Thank you, Mark, for your response. I managed to get the LDOMs work:
the control domain is OpenBSD, one guest is OpenBSD and another is
Debian. It seems that the RAM assignment was the problem, as you
hinted.
My system has 32 GB. With the factory-default, OpenBoot reports 32640
MB that is 128 MB short of the expected 32 GB. So I configured the
primary domain with 16256 MB (16 GB - 128 MB), and the guest domains
with 8 GB each, and that works. Then I tried to increase the RAM for
the primary domain just by 1 MB, and that failed. So it seems that
exactly 128 MB is somehow needed.
As a side note, I might have run into some other problems because I
was reusing the files created by the init-system command, i.e., I was
changing ldom.conf and would run init-system again. Once ldomctl even
crushed (SIGSEGV). My guess is that the init-system command should be
run with the unmodified factory-default files only.
This is my ldom.conf:
domain primary {
memory 16256 MB
}
domain puffy {
vcpu 8
memory 8G
vdisk "/home/puffy/vdisk0"
vdisk "/home/puffy/vdisk1"
variable auto-boot?=false
vnet
}
domain debian {
vcpu 8
memory 8G
vdisk "/home/debian/vdisk0"
vdisk "/home/debian/vdisk1"
variable auto-boot?=false
vnet
}
On 8/17/24 12:52, Mark Kettenis wrote:
Date: Sat, 17 Aug 2024 13:45:37 +0200
From: Irek Szcześniak <irek.szczesn...@gmail.com>
I've got more information. Here:
https://flak.tedunangst.com/post/OpenBSD-on-a-Sun-T5120
I read to set in ILOM:
set /HOST/bootmode config=configname
Again, no effect. Still in ILOM, I tried to list the domain configs,
but found none:
-> show /HOST/domain/configs
show: Invalid target /HOST/domain/configs
So it seems that downloading the LDOM configuration from OpenBSD took no
effect.
Here:
https://masto.theoks.net/@onekopaka/111873234122166837
I found a note:
> My original intent was OpenBSD as the primary, but ldomctl
> is generating configurations the hypervisor refuses to use.

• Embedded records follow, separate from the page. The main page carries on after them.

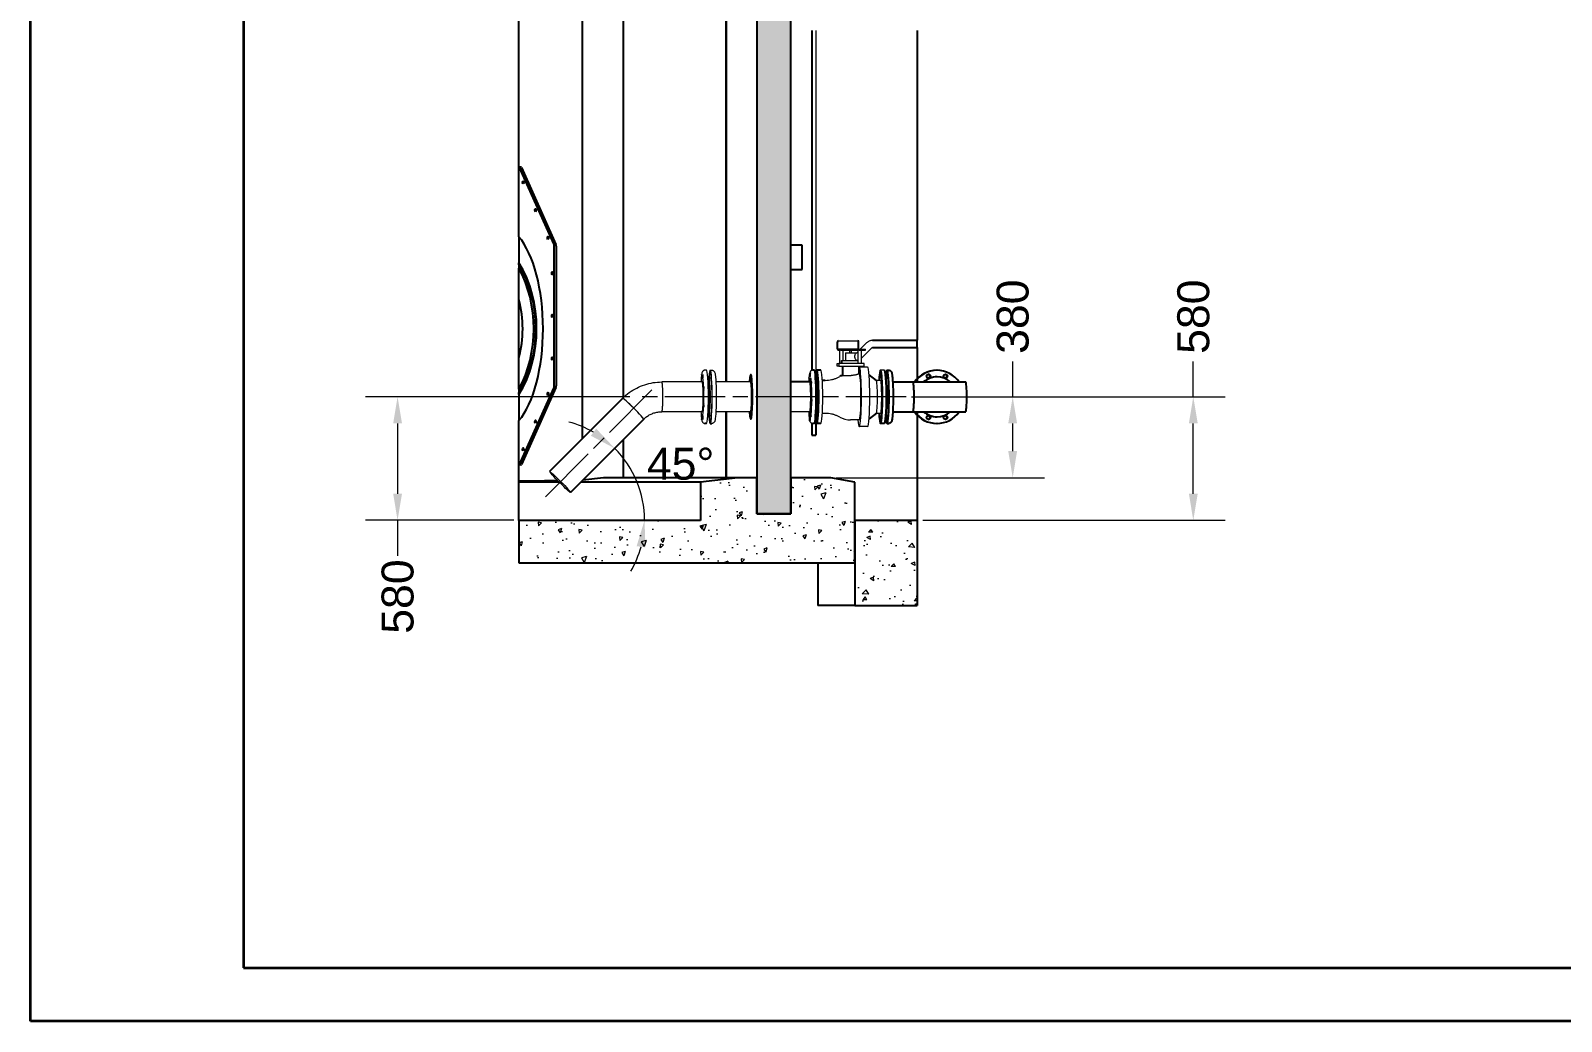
# Model space of a CAD drawing. Header units: millimetres. Extents: x -4172 to 126100, y -2 to 142133.
# Drawn here: x 0 to 14380, y -2 to 9305 of the extents above; entities that cross this region are included whole.
import ezdxf
from ezdxf.enums import TextEntityAlignment as Align

# ---------------------------------------------------------------- set-up
doc = ezdxf.new("R2018")
doc.units = ezdxf.units.MM
doc.header["$LTSCALE"] = 100
doc.linetypes.add('CHAIN', pattern=[0.3543, 0.2362, -0.0295, 0.0591, -0.0295])
doc.layers.get('0').update_dxf_attribs({"lineweight": 18})
for name, color, linetype, lineweight in [('Border', 7, 'Continuous', 35), ('Centerline', 7, 'Continuous', 18), ('Dimension', 7, 'Continuous', 18), ('Hatch', 7, 'Continuous', 18), ('Title', 7, 'Continuous', 25), ('Visible', 7, 'Continuous', 25)]:
    doc.layers.add(name, color=color, linetype=linetype, lineweight=lineweight)
doc.layers.add('P_Biomass (BM)', color=150, linetype='Continuous', lineweight=18, true_color=0x007fff)
doc.styles.get("Standard").update_dxf_attribs({"font": 'arial.ttf'})
doc.styles.add('Title', font='arial.ttf')
doc.dimstyles.new('Default - Method 2b', dxfattribs={"dimscale": 100, "dimtxt": 3, "dimasz": 2.5, "dimexe": 3, "dimexo": 0.5, "dimgap": 0.7, "dimtad": 0, "dimtoh": 1, "dimdec": 1, "dimrnd": 1e-08, "dimtxsty": 'Title', "dimcen": 0.09, "dimdle": 10, "dimclrd": 256, "dimclre": 256, "dimclrt": 7, "dimadec": 0, "dimazin": 2, "dimtfac": 0.833333, "dimtdec": 1, "dimtmove": 0, "dimatfit": 3, "dimfxl": 1, "dimtolj": 1, "dimlwd": -1, "dimlwe": -1, "dimarcsym": 0})

# ---------------------------------------------------------------- blocks, each defined once
blk = doc.blocks.new('Borders Bigadan Border')
at = {"layer": 'Border'}
for p, q in [((0, 0), (0, 594)), ((20, 589), (20, 5)), ((20, 5), (1256, 5)), ((1261, 0), (0, 0))]:
    blk.add_line(p, q, dxfattribs=at)
blk = doc.blocks.new('Title Blocks Title')
at = {"layer": 'Title', "color": 1, "lineweight": 5, "true_color": 0xff0000, "flags": 253}
blk.add_attdef('STATUS', text='', height=6.2, dxfattribs=at).set_placement((169, 40.36), align=Align.MIDDLE_CENTER)
at = {"layer": 'Title', "lineweight": 30, "flags": 104}
for tag, height, p in [('Initial_View_Scale', 2.39, (158.62, 31.36)), ('Sheet_Size', 2.4, (158.62, 25.36)), ('REVISION_NUMBER', 3.5, (200, 15)), ('CREATION_DATE', 2, (157.5, 7.5))]:
    blk.add_attdef(tag, text='', height=height, dxfattribs=at).set_placement(p, align=Align.MIDDLE_CENTER)
for tag, p in [('PROJECT', (27.5, 24.3)), ('TITLE', (27.5, 17.3)), ('DESCRIPTION', (27.5, 10.3))]:
    blk.add_attdef(tag, text='', height=2.8, dxfattribs=at).set_placement(p, align=Align.TOP_LEFT)
blk.add_attdef('PART_NUMBER', text='', height=3.5, dxfattribs=at).set_placement((135.5, 15), align=Align.MIDDLE_LEFT)
blk = doc.blocks.new('*D77')
at = {"layer": 'Defpoints', "color": 0, "transparency": 16777216}
for p in [(8226, 5865), (7516, 5105), (9226, 5105)]:
    blk.add_point(p, dxfattribs=at)
at = {"layer": 'Dimension', "transparency": 16777216}
for p, q in [((9226, 5865), (9226, 6198)), ((8276, 5865), (9526, 5865)), ((9226, 5355), (9226, 5615)), ((7566, 5105), (9526, 5105))]:
    blk.add_line(p, q, dxfattribs=at)
for points in [[(9184, 5615), (9267, 5615), (9226, 5865)], [(9184, 5355), (9267, 5355), (9226, 5105)]]:
    blk.add_solid(points, dxfattribs=at)
at = {"layer": 'Dimension', "color": 7, "transparency": 16777216, "insert": (9379, 6268), "char_height": 300, "attachment_point": 7, "rotation": 90, "style": 'Title'}
blk.add_mtext('\\A1;380', dxfattribs=at)
blk = doc.blocks.new('*D78')
at = {"layer": 'Defpoints', "color": 0, "transparency": 16777216}
for p in [(3447, 5865), (5679, 5865), (4588, 4705)]:
    blk.add_point(p, dxfattribs=at)
at = {"layer": 'Dimension', "transparency": 16777216}
for p, q in [((5629, 5865), (3147, 5865)), ((3447, 5615), (3447, 4955)), ((4538, 4705), (3147, 4705)), ((3447, 4705), (3447, 4371))]:
    blk.add_line(p, q, dxfattribs=at)
for points in [[(3406, 5615), (3489, 5615), (3447, 5865)], [(3406, 4955), (3489, 4955), (3447, 4705)]]:
    blk.add_solid(points, dxfattribs=at)
at = {"layer": 'Dimension', "color": 7, "transparency": 16777216, "insert": (3601, 3639), "char_height": 300, "attachment_point": 7, "rotation": 90, "style": 'Title'}
blk.add_mtext('\\A1;580', dxfattribs=at)
blk = doc.blocks.new('*D79')
at = {"layer": 'Defpoints', "color": 0, "transparency": 16777216}
for p in [(5760, 5654), (5735, 4952), (4812, 4705), (6294, 4705)]:
    blk.add_point(p, dxfattribs=at)
at = {"layer": 'Dimension', "transparency": 16777216}
for start, end in [(60.1172, 75.1603), (360, 45.074), (329.9137, 344.9568)]:
    blk.add_arc((4812, 4705), 955, start, end, dxfattribs=at)
for points in [[(5313, 5566), (5263, 5499), (5487, 5381)], [(5693, 4462), (5776, 4451), (5767, 4705)]]:
    blk.add_solid(points, dxfattribs=at)
at = {"layer": 'Dimension', "color": 7, "transparency": 16777216, "insert": (5789, 5082), "char_height": 300, "attachment_point": 7, "style": 'Title'}
blk.add_mtext('\\A1;45°', dxfattribs=at)
blk = doc.blocks.new('*D95')
at = {"layer": 'Defpoints', "color": 0, "transparency": 16777216}
for p in [(8226, 5865), (8330, 4705), (10922, 4705)]:
    blk.add_point(p, dxfattribs=at)
at = {"layer": 'Dimension', "transparency": 16777216}
for p, q in [((10922, 5865), (10922, 6198)), ((8276, 5865), (11222, 5865)), ((10922, 4955), (10922, 5615)), ((8380, 4705), (11222, 4705))]:
    blk.add_line(p, q, dxfattribs=at)
for points in [[(10881, 5615), (10964, 5615), (10922, 5865)], [(10881, 4955), (10964, 4955), (10922, 4705)]]:
    blk.add_solid(points, dxfattribs=at)
at = {"layer": 'Dimension', "color": 7, "transparency": 16777216, "insert": (11076, 6268), "char_height": 300, "attachment_point": 7, "rotation": 90, "style": 'Title'}
blk.add_mtext('\\A1;580', dxfattribs=at)

msp = doc.modelspace()

# ---------------------------------------------------------------- hatches: boundary and pattern name
at = {"layer": 'Hatch'}
h = msp.add_hatch(dxfattribs=at)
h.set_pattern_fill('AR-CONC', color=256, scale=53.832768, angle=113.757602, style=0)
h.set_pattern_definition([(163.7576, (0, 0), (-124.6373, 367.01), [40.3746, -444.12]), (108.7576, (0, 0), (-340.52, -231.496), [32.3, -355.296]), (214.209, (-10.4, 30.6), (-465.157, 135.514), [34.313, -377.444]), (159.9418, (-98.54, -43.38), (-149.905, 561.736), [60.562, -666.18]), (210.3932, (-111.03, 3.44), (-682.662, 249.254), [51.47, -566.167]), (104.9418, (-98.54, -43.4), (-682.662, 249.254), [48.45, -532.944]), (134.7576, (-95.6, 16.74), (68.9196, 381.4193), [40.3746, -444.12]), (79.7576, (-95.6, 16.74), (-410.057, -37.383), [32.3, -355.296]), (185.209, (-89.85, 48.52), (-341.137, 344.036), [34.313, -377.444]), (151.2576, (0, 0), (-166.6569, -66.2051), [0, -350.9896, 0, -360.6795, 0, -356.642]), (121.2576, (0, 0), (-251.3833, 44.0786), [0, -205.6412, 0, -342.9147, 0, -135.9277]), (81.2576, (48.36, -109.87), (-104.6598, 267.9106), [0, -134.582, 0, -419.8956, 0, -557.1692]), (71.2576, (70.05, -159.14), (-175.801, 265.6306), [0, -174.9565, 0, -278.8537, 0, -395.671])])
h.paths.add_polyline_path([(6820.74, 4764.61), (7141.56, 4764.61), (7141.56, 9304.61), (7141.56, 9504.61), (7141.56, 9704.61), (7141.56, 16824.61), (7133.76, 16824.61), (6820.74, 16824.61), (6820.74, 9504.61), (6820.74, 9304.61)])
h = msp.add_hatch(dxfattribs=at)
h.set_pattern_fill('ANSI31', color=256, scale=2540, angle=158.757812, style=0)
h.set_pattern_definition([(203.7578, (0, 0), (127.912, -290.594), [])])
h.paths.add_polyline_path([(7139.56, 7288.91), (7139.56, 7060.31), (7141.56, 7060.31), (7247.76, 7060.31), (7247.76, 7288.91), (7141.56, 7288.91)])
h = msp.add_hatch(dxfattribs=at)
h.set_pattern_fill('AR-CONC', color=256, scale=53.832768, angle=203.757812, style=0)
h.set_pattern_definition([(253.758, (0, 0), (-367.009, -124.639), [40.375, -444.12]), (198.758, (0, 0), (231.497, -340.519), [32.3, -355.296]), (304.2093, (-30.6, -10.4), (-135.512, -465.158), [34.313, -377.444]), (249.942, (43.38, -98.54), (-561.736, -149.907), [60.562, -666.18]), (300.3934, (-3.44, -111.03), (-249.25, -682.663), [51.47, -566.167]), (194.942, (43.4, -98.54), (-249.25, -682.663), [48.45, -532.944]), (224.758, (-16.74, -95.6), (-381.42, 68.918), [40.375, -444.12]), (169.758, (-16.74, -95.6), (37.385, -410.057), [32.3, -355.296]), (275.2093, (-48.52, -89.85), (-344.035, -341.138), [34.313, -377.444]), (241.2578, (0, 0), (66.2057, -166.6566), [0, -350.9896, 0, -360.6795, 0, -356.642]), (211.2578, (0, 0), (-44.0777, -251.3835), [0, -205.641, 0, -342.9147, 0, -135.9277]), (171.2578, (109.87, 48.36), (-267.9102, -104.6608), [0, -134.582, 0, -419.8956, 0, -557.169]), (161.2578, (159.14, 70.05), (-265.63, -175.802), [0, -174.9565, 0, -278.854, 0, -395.671])])
h.paths.add_polyline_path([(4587.61, 4704.61), (4587.61, 4304.61), (7743.76, 4304.61), (7743.76, 5064.61), (7515.77, 5104.61), (7141.56, 5104.61), (7141.56, 4764.61), (7140.4, 4764.61), (7062.72, 4764.61), (6820.74, 4764.61), (6820.74, 5104.61), (6643.76, 5104.61), (6293.76, 5064.61), (6293.76, 4704.61)])
h = msp.add_hatch(dxfattribs=at)
h.set_pattern_fill('AR-CONC', color=256, scale=53.832768, angle=128.757579, style=0)
h.set_pattern_definition([(178.7576, (0, 0), (-215.379, 322.246), [40.375, -444.12]), (123.7576, (0, 0), (-269.002, -311.74), [32.3, -355.296]), (229.209, (-17.95, 26.85), (-484.381, 10.505), [34.313, -377.444]), (174.942, (-83.96, -67.4), (-290.185, 503.797), [60.562, -666.18]), (225.393, (-108.14, -25.4), (-723.912, 64.075), [51.47, -566.167]), (119.942, (-83.96, -67.4), (-723.912, 64.075), [48.45, -532.944]), (149.7576, (-96.67, -8.57), (-32.147, 386.26), [40.375, -444.12]), (94.7576, (-96.67, -8.57), (-386.409, -142.24), [32.3, -355.296]), (200.209, (-99.35, 23.6), (-418.556, 244.02), [34.313, -377.444]), (166.2576, (0, 0), (-143.843, -107.0831), [0, -350.9896, 0, -360.6795, 0, -356.642]), (136.2576, (0, 0), (-254.226, -22.486), [0, -205.641, 0, -342.9147, 0, -135.9277]), (96.2576, (75.15, -93.61), (-170.4339, 231.6939), [0, -134.582, 0, -419.8956, 0, -557.169]), (86.2576, (108.85, -135.6), (-238.561, 211.079), [0, -174.9565, 0, -278.854, 0, -395.671])])
h.paths.add_polyline_path([(8329.61, 4704.61), (8329.61, 3904.61), (7743.76, 3904.61), (7743.76, 4304.61), (7743.76, 4704.61)])

# ---------------------------------------------------------------- linework, layer by layer
at = {"layer": 'Centerline', "linetype": 'CHAIN', "ltscale": 23.990969}
for p, q in [((5837.3, 5930.02), (4797.58, 4887.6)), ((8225.58, 5864.61), (5679.47, 5864.61))]:
    msp.add_line(p, q, dxfattribs=at)
at = {"layer": 'P_Biomass (BM)'}
for p, q in [((7376.11, 9304.61), (7376.11, 6074.26)), ((7588.69, 6390.61), (7768.69, 6390.61)), ((7793.19, 6311.61), (7856.32, 6374.9)), ((7767.32, 6311.61), (7578.69, 6311.61)), ((7584.12, 6301.61), (7584.12, 6311.61)), ((7584.12, 6301.61), (7604, 6301.61)), ((7602.03, 6178.61), (7602.03, 6301.61)), ((7612.42, 6301.61), (7604, 6301.61)), ((7612.42, 6301.61), (7775.07, 6301.61)), ((7618.56, 6207.61), (7773.1, 6207.61)), ((7634.03, 6207.61), (7634.03, 6301.61)), ((7653.56, 6278.61), (7753.56, 6278.61)), ((7653.56, 6278.61), (7653.56, 6207.61)), ((7695.56, 6278.61), (7695.56, 6301.61)), ((7711.56, 6278.61), (7711.56, 6301.61)), ((7753.56, 6278.61), (7753.56, 6277.42)), ((7753.56, 6277.61), (7756.86, 6277.61)), ((7753.56, 6209.79), (7753.56, 6207.61)), ((7753.56, 6209.61), (7756.86, 6209.61)), ((7761, 6279.33), (7773.1, 6291.47)), ((7767.32, 6311.61), (7803.37, 6311.61)), ((7773.1, 6178.61), (7773.1, 6301.61)), ((7783.49, 6301.61), (7775.07, 6301.61)), ((7783.49, 6301.61), (7803.37, 6301.61)), ((7803.37, 6311.61), (7842.64, 6311.61)), ((7803.37, 6301.61), (7803.37, 6311.61)), ((7803.37, 6301.61), (7842.64, 6301.61)), ((7805.1, 6178.61), (7805.1, 6301.61)), ((7809.14, 6231.31), (7904.46, 6326.88)), ((7842.64, 6301.61), (7842.64, 6311.61)), ((6349.57, 6114.61), (6333.61, 6114.61)), ((6366.52, 6052.61), (6361.54, 6052.61)), ((6366.52, 6052.61), (6372.51, 6052.61)), ((6384.48, 6114.61), (6400.44, 6114.61)), ((6394.45, 6044.61), (6395.65, 6044.61)), ((7379.9, 6052.61), (7373.92, 6052.61)), ((7575.26, 6178.61), (7592.49, 6178.61)), ((7575.26, 6151.61), (7575.26, 6178.61)), ((7592.49, 6151.61), (7575.26, 6151.61)), ((7831.87, 6178.61), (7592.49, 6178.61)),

> Used ldm from within Solaris and that worked.
So maybe the config that I generated was not accepted.
Yes, this is typically happens when you activate a config that is
isn't entirely correct. For example if you assign more memory than
what is actually available.
The ldomctl(4) tool isn't very good at enforcing the appropriate
constraints. I've seen this happen with memory assignment for
example. It might be worth trying a configuration where you
explicitly assign memory to all domains (including the primary domain)
and leave some memory unassigned.
On 8/16/24 20:30, Irek Szcześniak wrote:
Hi,
I have a Sun Oracle Netra T5220 with the OpenBSD 7.5 running. I wanted
to create a guest logical domain (LDOM), and so I followed the example
in the manual page of ldomctl.
After I reset the system, the primary domain starts allright, but the
guest domain does not:
# ldomctl status
primary - running OpenBSD running 0%
# ldomctl list
factory-default [current]
openbsd
# ldomctl status openbsd
ldomctl: unknown guest 'openbsd'
In dmesg I can see:
"ldom-primary" at vldc2 chan 0x1 not configured
I would appreciate it if someone could help me out.